Ghostforce (also named Ghost Force) is a French independent animated television series created by Jeremy Zag that premiered on TFOU in France on August 21, 2021. The show was initially licensed by The Walt Disney Company for international broadcast, due to the company's ties to Miraculous: Tales of Ladybug & Cat Noir. In the United States, it premiered on Disney XD on October 4, 2021, before premiering on Disney Channel on November 8.

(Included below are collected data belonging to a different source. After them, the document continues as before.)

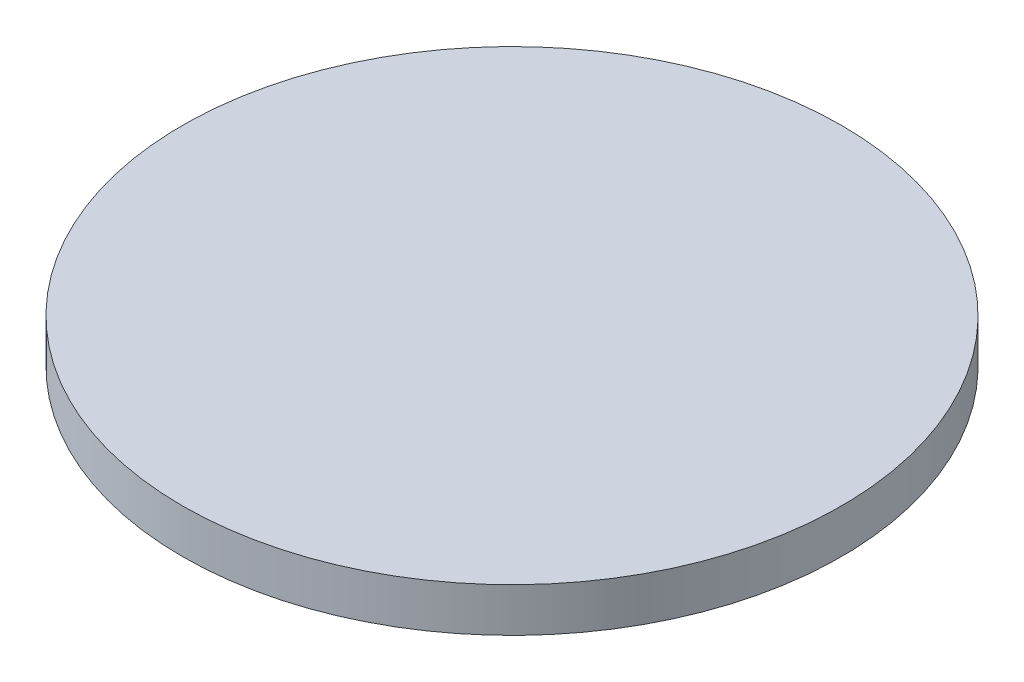
from build123d import *

# Parameters (mm, degrees)
ESQUISSE1_R        = 75
BOSS_EXTRU_1_DEPTH = 10


with BuildPart() as part:
    # Esquisse1 → Boss.-Extru.1 (new body)
    with BuildSketch(Plane(origin=(0, 0, 0), x_dir=(1, 0, 0), z_dir=(0, 1, 0))):
        Circle(ESQUISSE1_R)
    extrude(amount=BOSS_EXTRU_1_DEPTH)


solid = part.part
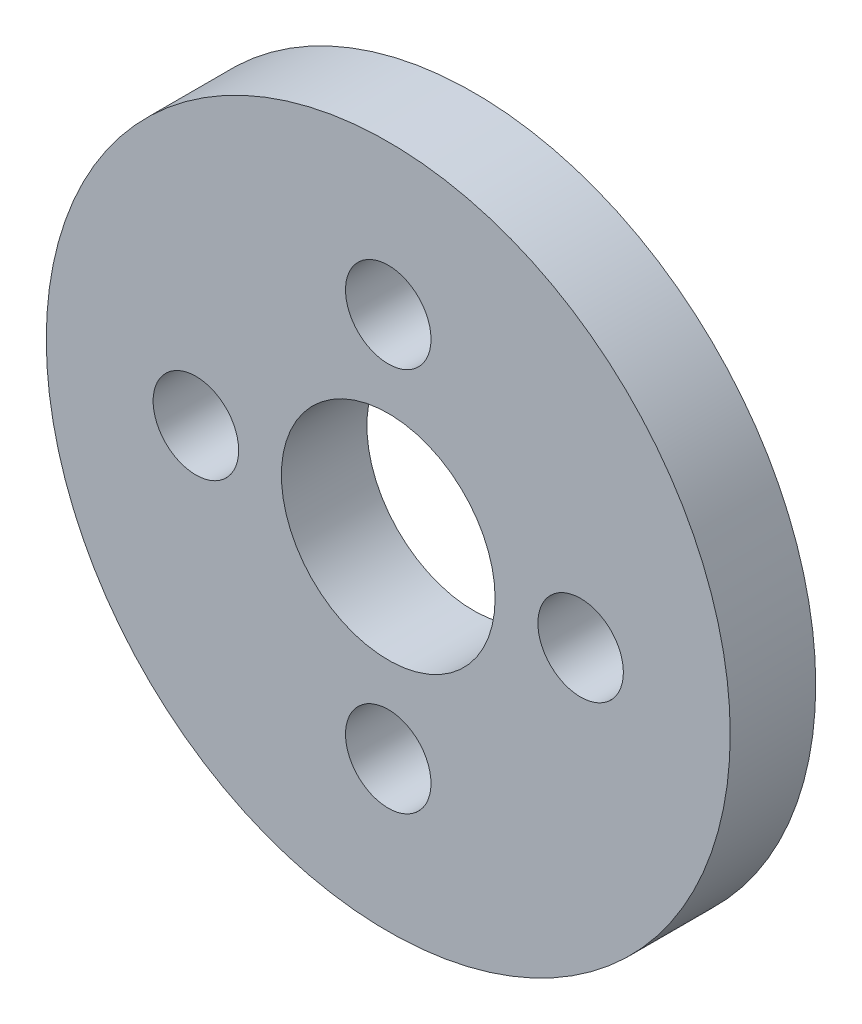
from build123d import *

# Parameters (mm, degrees)
SKETCH1_R           = 25.4
SKETCH1_R_2         = 7.9375
SKETCH1_R_3         = 3.175
BOSS_EXTRUDE1_DEPTH = 6.35


with BuildPart() as part:
    # Sketch1 → Boss-Extrude1 (new body)
    with BuildSketch(Plane.XY):
        with Locations((0, 228.6)):
            Circle(SKETCH1_R)
        with Locations((0, 228.6)):
            Circle(SKETCH1_R_2, mode=Mode.SUBTRACT)
        with Locations((0, 242.8875)):
            Circle(SKETCH1_R_3, mode=Mode.SUBTRACT)
        with Locations((14.2875, 228.6)):
            Circle(SKETCH1_R_3, mode=Mode.SUBTRACT)
        with Locations((0, 214.3125)):
            Circle(SKETCH1_R_3, mode=Mode.SUBTRACT)
        with Locations((-14.2875, 228.6)):
            Circle(SKETCH1_R_3, mode=Mode.SUBTRACT)
    extrude(amount=BOSS_EXTRUDE1_DEPTH)


solid = part.part

The first season of the series consists of 52 11-minute episodes, 3 22-minute episodes, and an additional order of 8 "bridge episodes" released after the initial first season. A live-action film adaptation is reportedly in development, and is set to be produced by 26th Street Pictures and Cross Creek Pictures, but there have been no updates regarding this project since its announcement.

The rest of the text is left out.